Finding the distribution law Throwing a cube twice,
let $X$ be the sum of the two throws

Find the distribution law

My attempt
$$
\begin{array}{c|lcr}
 &2&3&4&5&6&7&8&9&10&11&12 \\
\hline
\text{P}_\text{X}(x) & 1/12 & 1/12 & 1/12&1/12&1/12&1/12&1/12&1/12&1/12&1/12&1/12 \\
\end{array}
$$
But shouldn't the sum be $1$? Currently the sum is $11/12$
 A: The probabilities are not equal. Have a look at the following table.
$$
\left.\begin{array}{c|c|c|c|c} & 1 & 2 & 3 & 4 & 5& 6\\\hline 1 & 2 & 3 & 4 & 5& 6& 7 \\\hline 2 & 3 & 4 & 5 & 6 & 7& 8\\\hline 3 & 4 & 5 & 6 & 7 & 8& 9\\\hline 4 & 5 & 6 & 7 & 8 & 9& 10\\\hline 5 & 6 & 7 & 8 & 9 & 10& 11\\\hline 6 & 7 & 8 & 9 & 10 & 11& 12\end{array}\right.
$$
It is easy to tell various probabilities of the outcomes of this experiment using the table above. For example, the probability that we get $7$ is $6/36=1/6$.
A: \begin{array}{c|lcr}
 &2&3&4&5&6&7&8&9&10&11&12 \\
\hline
\text{P}_\text{X}(x) & 1/36 & 2/36 & 3/36&4/36&5/36&6/36&5/36&4/36&3/36&2/36&1/36 \\
\end{array}
Now the sum is $1$.
A: What you've tried is wrong:
You can get $2$ just getting a one in each die (1+1), so the probability is $\frac{1}{6} \frac{1}{6} = \frac{1}{36}$. Instead, you have more options to get $5$ (1+4,2+3,3+2,4+1), giving you a total probability of $\frac{2}{18}$
Doing this process for all the numbers you get the correct result.

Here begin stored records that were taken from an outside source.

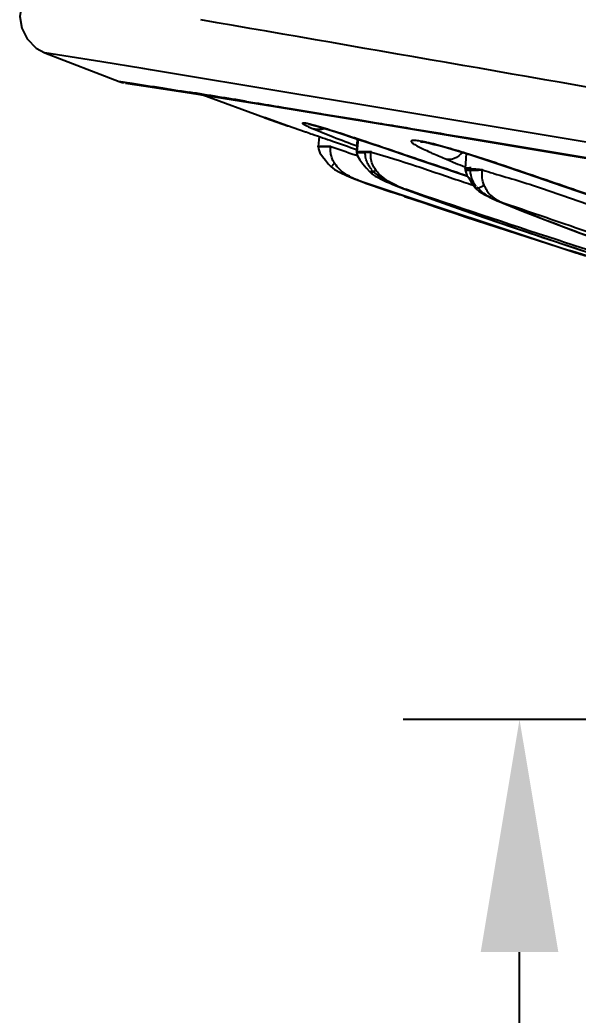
# Model space of a CAD drawing. Header units: millimetres. Extents: x 601 to 1195, y -13 to 407.
# Drawn here: x 818.8 to 824.79, y 292.47 to 303.16 of the extents above; entities that cross this region are included whole.
import ezdxf

# ---------------------------------------------------------------- set-up
doc = ezdxf.new("R2010")
doc.units = ezdxf.units.MM
doc.header["$LTSCALE"] = 0.1
doc.layers.add('DIM', color=3, linetype='Continuous')
doc.styles.get("Standard").update_dxf_attribs({"font": 'arial.ttf'})
doc.dimstyles.new('ISO-25', dxfattribs={"dimtxt": 2.5, "dimasz": 2.5, "dimexe": 1.25, "dimexo": 0.625, "dimtad": 1, "dimlfac": 1.666667, "dimtxsty": 'Standard', "dimcen": 2.5, "dimadec": 0, "dimazin": 0, "dimtfac": 1, "dimtmove": 0, "dimatfit": 3, "dimfxl": 0, "dimarcsym": 0})

# ---------------------------------------------------------------- blocks, each defined once
blk = doc.blocks.new('*D4')
at = {"layer": 'Defpoints', "color": 0}
for p in [(824.165, 295.645), (836.755, 295.645), (888.958, 151.37)]:
    blk.add_point(p, dxfattribs=at)
at = {"layer": 'DIM', "color": 0, "lineweight": -2}
for p, q in [((836.13, 295.645), (822.915, 295.645)), ((824.165, 153.87), (824.165, 293.145)), ((888.333, 151.37), (822.915, 151.37))]:
    blk.add_line(p, q, dxfattribs=at)
at = {"layer": 'DIM', "color": 0}
for points in [[(823.748, 293.145), (824.582, 293.145), (824.165, 295.645)], [(823.748, 153.87), (824.582, 153.87), (824.165, 151.37)]]:
    blk.add_solid(points, dxfattribs=at)
at = {"layer": 'DIM', "color": 0, "insert": (822.038, 223.508), "char_height": 2.5, "attachment_point": 5, "rotation": 90}
blk.add_mtext('240,46', dxfattribs=at)
blk = doc.blocks.new('*D7')
at = {"layer": 'Defpoints', "color": 0}
for p in [(1049.711, 364.428), (818.81, 303.135), (1049.711, 217.456)]:
    blk.add_point(p, dxfattribs=at)
at = {"layer": 'DIM', "color": 0, "lineweight": -2}
for p, q in [((818.81, 303.76), (818.81, 365.678)), ((1049.711, 218.081), (1049.711, 365.678)), ((821.31, 364.428), (1047.211, 364.428))]:
    blk.add_line(p, q, dxfattribs=at)
at = {"layer": 'DIM', "color": 0}
for points in [[(821.31, 364.845), (821.31, 364.011), (818.81, 364.428)], [(1047.211, 364.845), (1047.211, 364.011), (1049.711, 364.428)]]:
    blk.add_solid(points, dxfattribs=at)
at = {"layer": 'DIM', "color": 0, "insert": (934.261, 366.556), "char_height": 2.5, "attachment_point": 5}
blk.add_mtext('384,84', dxfattribs=at)

msp = doc.modelspace()

# ---------------------------------------------------------------- linework, layer by layer
for p, q in [((819.68, 302.7104), (819.0675, 302.8077)), ((819.0693, 302.8069), (819.8667, 302.4981)), ((820.1222, 302.6376), (819.68, 302.7104)), ((820.203, 302.6242), (820.1222, 302.6376)), ((821.7513, 302.3678), (820.203, 302.6242)), ((819.867, 302.498), (819.8667, 302.4981)), ((819.9329, 302.4816), (820.1089, 302.4577)), ((819.9329, 302.4816), (820.127, 302.4527)), ((820.0073, 302.4793), (820.2003, 302.4503)), ((820.1089, 302.4577), (820.6418, 302.3751)), ((820.127, 302.4527), (820.7143, 302.3624)), ((820.6418, 302.3751), (821.5373, 302.2296)), ((820.7143, 302.3624), (820.7681, 302.3537)), ((820.7637, 302.3553), (821.4266, 302.1125)), ((822.4509, 302.2516), (821.7513, 302.3678)), ((821.5373, 302.2296), (822.7993, 302.0212)), ((821.6122, 302.2235), (821.7275, 302.2046)), ((821.7275, 302.2046), (822.0266, 302.1555)), ((822.0266, 302.1555), (822.0437, 302.1527)), ((830.2221, 300.961), (822.4509, 302.2516)), ((821.6737, 302.0241), (821.4257, 302.1107)), ((821.4257, 302.1107), (821.4279, 302.1099)), ((821.4286, 302.1097), (821.674, 302.0239)), ((822.0437, 302.1527), (822.4274, 302.0895)), ((822.4274, 302.0895), (822.6267, 302.0565)), ((821.6744, 302.026), (821.8675, 301.9587)), ((821.8675, 301.9587), (821.8737, 301.9565)), ((822.7993, 302.0212), (824.404, 301.7544)), ((822.0128, 301.9082), (822.0043, 301.8006)), ((822.4234, 301.8818), (822.4132, 301.7529)), ((822.4316, 301.879), (822.4197, 301.7467)), ((822.453, 301.8723), (822.4233, 301.8821)), ((822.5252, 301.8478), (822.712, 301.7848)), ((823.5919, 301.8963), (824.9433, 301.6712)), ((822.0043, 301.8005), (822.0057, 301.7768)), ((822.4137, 301.737), (822.4254, 301.7015)), ((822.4142, 301.7693), (822.418, 301.768)), ((822.418, 301.768), (822.4234, 301.7662)), ((822.446, 301.7367), (822.4812, 301.7374)), ((822.5152, 301.7439), (822.4962, 301.7439)), ((822.5701, 301.7398), (822.5741, 301.7388)), ((823.3911, 301.7853), (823.4736, 301.7613)), ((823.4736, 301.7613), (823.5615, 301.7347)), ((824.404, 301.7544), (825.9347, 301.4992)), ((822.1427, 301.5811), (822.1792, 301.6209)), ((822.1794, 301.6207), (822.1427, 301.5811)), ((822.3985, 301.7118), (822.4038, 301.71)), ((822.4038, 301.71), (822.4243, 301.703)), ((822.4254, 301.7015), (822.4512, 301.6573)), ((822.4512, 301.6573), (822.4839, 301.6148)), ((823.5926, 301.725), (823.58, 301.5649)), ((822.1427, 301.5811), (822.1774, 301.5544)), ((822.1774, 301.5544), (822.2394, 301.5218)), ((822.556, 301.5288), (822.5715, 301.5135)), ((822.5714, 301.5135), (822.5829, 301.5041)), ((823.5817, 301.5801), (823.5766, 301.5822)), ((823.5888, 301.5772), (823.5817, 301.5801)), ((823.5819, 301.5492), (823.5817, 301.5487)), ((823.5817, 301.5486), (823.5878, 301.5252)), ((823.5878, 301.5252), (823.6006, 301.4941)), ((823.9545, 301.6075), (823.9558, 301.6083)), ((822.4693, 301.423), (822.4701, 301.4227)), ((822.4701, 301.4227), (824.7731, 300.6594)), ((822.648, 301.4662), (822.6792, 301.4509)), ((822.6792, 301.4509), (822.7086, 301.4359)), ((823.5851, 301.4896), (823.5641, 301.4967)), ((823.6072, 301.4821), (823.5851, 301.4896)), ((823.6006, 301.4941), (823.6157, 301.4665)), ((823.6157, 301.4665), (823.631, 301.4415)), ((822.811, 301.3054), (822.8865, 301.2797)), ((822.8993, 301.3552), (822.9212, 301.3471)), ((822.911, 301.3508), (822.9834, 301.3243)), ((822.95, 301.3369), (822.9213, 301.3471)), ((823.6427, 301.3932), (823.6687, 301.3846)), ((823.688, 301.3588), (823.6958, 301.3498)), ((823.6958, 301.3497), (823.7008, 301.3444)), ((823.7008, 301.3444), (823.7329, 301.3184)), ((822.8969, 301.2762), (822.8866, 301.2797)), ((822.9297, 301.265), (822.8969, 301.2762)), ((823.9891, 301.1932), (823.9287, 301.2161)), ((824.7354, 300.6724), (824.7022, 300.6829)), ((824.7733, 300.6604), (824.7354, 300.6724)), ((824.7632, 300.7088), (825.1281, 300.5897)), ((824.9291, 300.6113), (824.7733, 300.6604))]:
    msp.add_line(p, q)
for points in [[(818.9056, 303.4769), (818.8607, 303.4157), (818.8166, 303.3142), (818.8007, 303.1961), (818.8198, 303.0731), (818.8783, 302.9556), (818.9754, 302.8577), (819.0675, 302.8077)], [(819.866, 302.4986), (819.8989, 302.4882), (819.9136, 302.4848)], [(821.903, 302.0399), (821.9049, 302.0395), (821.9249, 302.0351), (821.9588, 302.0264), (822.0038, 302.014), (822.0586, 301.9981)], [(822.0586, 301.9981), (822.1219, 301.9789), (822.1927, 301.9568), (822.2694, 301.9323), (822.3509, 301.9057)], [(822.3509, 301.9057), (822.4363, 301.8775), (822.5252, 301.8478)], [(823.1063, 301.8523), (823.1055, 301.8523), (823.1171, 301.8509), (823.1479, 301.8457), (823.1929, 301.8364), (823.2495, 301.823), (823.316, 301.8059), (823.3911, 301.7853)], [(822.0057, 301.7768), (822.022, 301.7339), (822.0493, 301.693), (822.0816, 301.6521), (822.1151, 301.6119), (822.1427, 301.5811)], [(822.4151, 301.7522), (822.4132, 301.7487), (822.4128, 301.7422), (822.4137, 301.737)], [(822.712, 301.7848), (823.115, 301.6481), (823.2226, 301.6116), (823.6077, 301.4811)], [(823.5615, 301.7347), (823.6534, 301.706), (823.7486, 301.6754), (823.8465, 301.6434), (823.9545, 301.6075)], [(822.2394, 301.5218), (822.3069, 301.4876), (822.3829, 301.4552), (822.467, 301.4238)], [(822.4839, 301.6148), (822.5181, 301.573), (822.556, 301.5288)], [(823.5801, 301.5649), (823.5802, 301.5593), (823.5817, 301.5487)], [(823.9545, 301.6075), (824.2399, 301.5111), (824.6338, 301.376), (824.9912, 301.2527)], [(822.5829, 301.5041), (822.6156, 301.483), (822.648, 301.4662)], [(822.7086, 301.4359), (822.738, 301.4217), (822.7674, 301.4086), (822.7958, 301.3964)], [(823.631, 301.4415), (823.6458, 301.4184), (823.6601, 301.3969), (823.674, 301.377), (823.688, 301.3588)], [(822.7958, 301.3964), (822.8231, 301.385), (822.8496, 301.3742)], [(822.8496, 301.3742), (822.8753, 301.3642), (822.8993, 301.3552)], [(822.9834, 301.3243), (823.2385, 301.232), (823.5087, 301.136), (823.7951, 301.0359), (824.0988, 300.9315), (824.4209, 300.8226), (824.7632, 300.7088)], [(823.7329, 301.3184), (823.7645, 301.2993), (823.7935, 301.2823)], [(823.7935, 301.2823), (823.8235, 301.2652), (823.8513, 301.2511), (823.8766, 301.239), (823.9018, 301.2276), (823.924, 301.2181), (823.9287, 301.2161)], [(823.9266, 301.217), (824.1889, 301.1107), (824.4863, 300.995), (824.817, 300.8702), (825.1844, 300.7354)]]:
    msp.add_lwpolyline(points)
for centre, radius, start, end in [((421.3545, -2001.5968), 2339.1062, 80.0289489, 80.1689189), ((781.5311, 57.2549), 248.2262, 80.796144, 80.939787), ((821.7071, 302.1185), 0.1002, 250.74516, 255.3408), ((864.1679, 423.1606), 128.3714, 250.897717, 251.018811), ((839.2363, 350.8004), 51.896, 250.76372, 251.06753), ((822.4453, 301.7894), 0.3149, 212.38505, 213.63687), ((829.5214, 316.2426), 15.8199, 247.15994, 247.92728), ((823.9652, 310.4993), 8.9468, 268.27822, 268.73192), ((823.8595, 301.5422), 0.0931, 172.25417, 175.93295), ((825.063, 305.4141), 4.0769, 251.45747, 253.13577), ((850.2662, 381.6708), 84.9258, 250.894491, 251.192174), ((849.7359, 380.1292), 83.2954, 250.892681, 251.140661), ((838.083, 344.9767), 45.9134, 251.53495, 251.66867), ((825.1876, 305.8196), 4.5012, 253.11639, 253.23951), ((823.4284, 302.6619), 1.4087, 248.45143, 250.14474), ((851.9937, 386.7726), 90.312, 251.227137, 252.410727), ((824.1197, 301.5474), 0.3775, 247.87925, 249.10931), ((824.1653, 301.6657), 0.5043, 249.05714, 249.54915)]:
    msp.add_arc(centre, radius, start, end)
for points, knots in [([(819.8661, 302.4983), (819.8661, 302.4984), (819.8659, 302.4984), (819.866, 302.4985), (819.8661, 302.4985)], [0, 0, 0, 0, 0.5737407, 1, 1, 1, 1]), ([(819.8661, 302.4985), (819.8687, 302.4999), (819.8764, 302.4976), (819.8887, 302.4969), (819.9137, 302.4927), (819.9536, 302.4869), (819.9881, 302.4821), (820.0073, 302.4793)], [0, 0, 0, 0, 0.0633203, 0.1483889, 0.2682676, 0.5914868, 1, 1, 1, 1]), ([(820.2003, 302.4503), (820.23, 302.4458), (820.3699, 302.4242), (820.5097, 302.4016), (820.6199, 302.384)], [0, 0, 0, 0, 0.2120237, 1, 1, 1, 1]), ([(821.2343, 302.2853), (821.2645, 302.2804), (821.3904, 302.2599), (821.5164, 302.2392), (821.6122, 302.2235)], [0, 0, 0, 0, 0.2393292, 1, 1, 1, 1]), ([(821.9133, 302.0397), (821.9008, 302.0428), (821.8836, 302.0469), (821.8625, 302.0508), (821.8511, 302.0526), (821.8429, 302.0529), (821.8376, 302.0531), (821.8342, 302.0504), (821.837, 302.0465), (821.8415, 302.043), (821.8493, 302.0379), (821.8598, 302.032), (821.8732, 302.0251), (821.8893, 302.0173), (821.9159, 302.005), (821.9373, 301.9957), (821.9524, 301.9893)], [0, 0, 0, 0, 0.1798378, 0.2482346, 0.302087, 0.3404989, 0.3639774, 0.3760218, 0.3908906, 0.4191507, 0.461833, 0.5185914, 0.5890514, 0.6728218, 0.76954, 1, 1, 1, 1]), ([(822.6267, 302.0565), (822.7033, 302.0438), (823.0251, 301.9905), (823.3469, 301.9371), (823.5919, 301.8963)], [0, 0, 0, 0, 0.2382316, 1, 1, 1, 1]), ([(821.8737, 301.9565), (821.8968, 301.9484), (821.9914, 301.9155), (822.0861, 301.8827), (822.1577, 301.8579)], [0, 0, 0, 0, 0.2439578, 1, 1, 1, 1]), ([(821.9764, 302.0229), (821.9706, 302.0245), (821.9497, 302.0303), (821.9286, 302.0359), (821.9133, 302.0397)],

A: Yes, the final distribution should sum to one. I recommend drawing a 6x6 table and fill in the intersections with the sum of the two values. Then count up all the squares that sum to 2 for example and divide that by 36. Do that for each sum. If that is what you did, then you might have made a small mistake.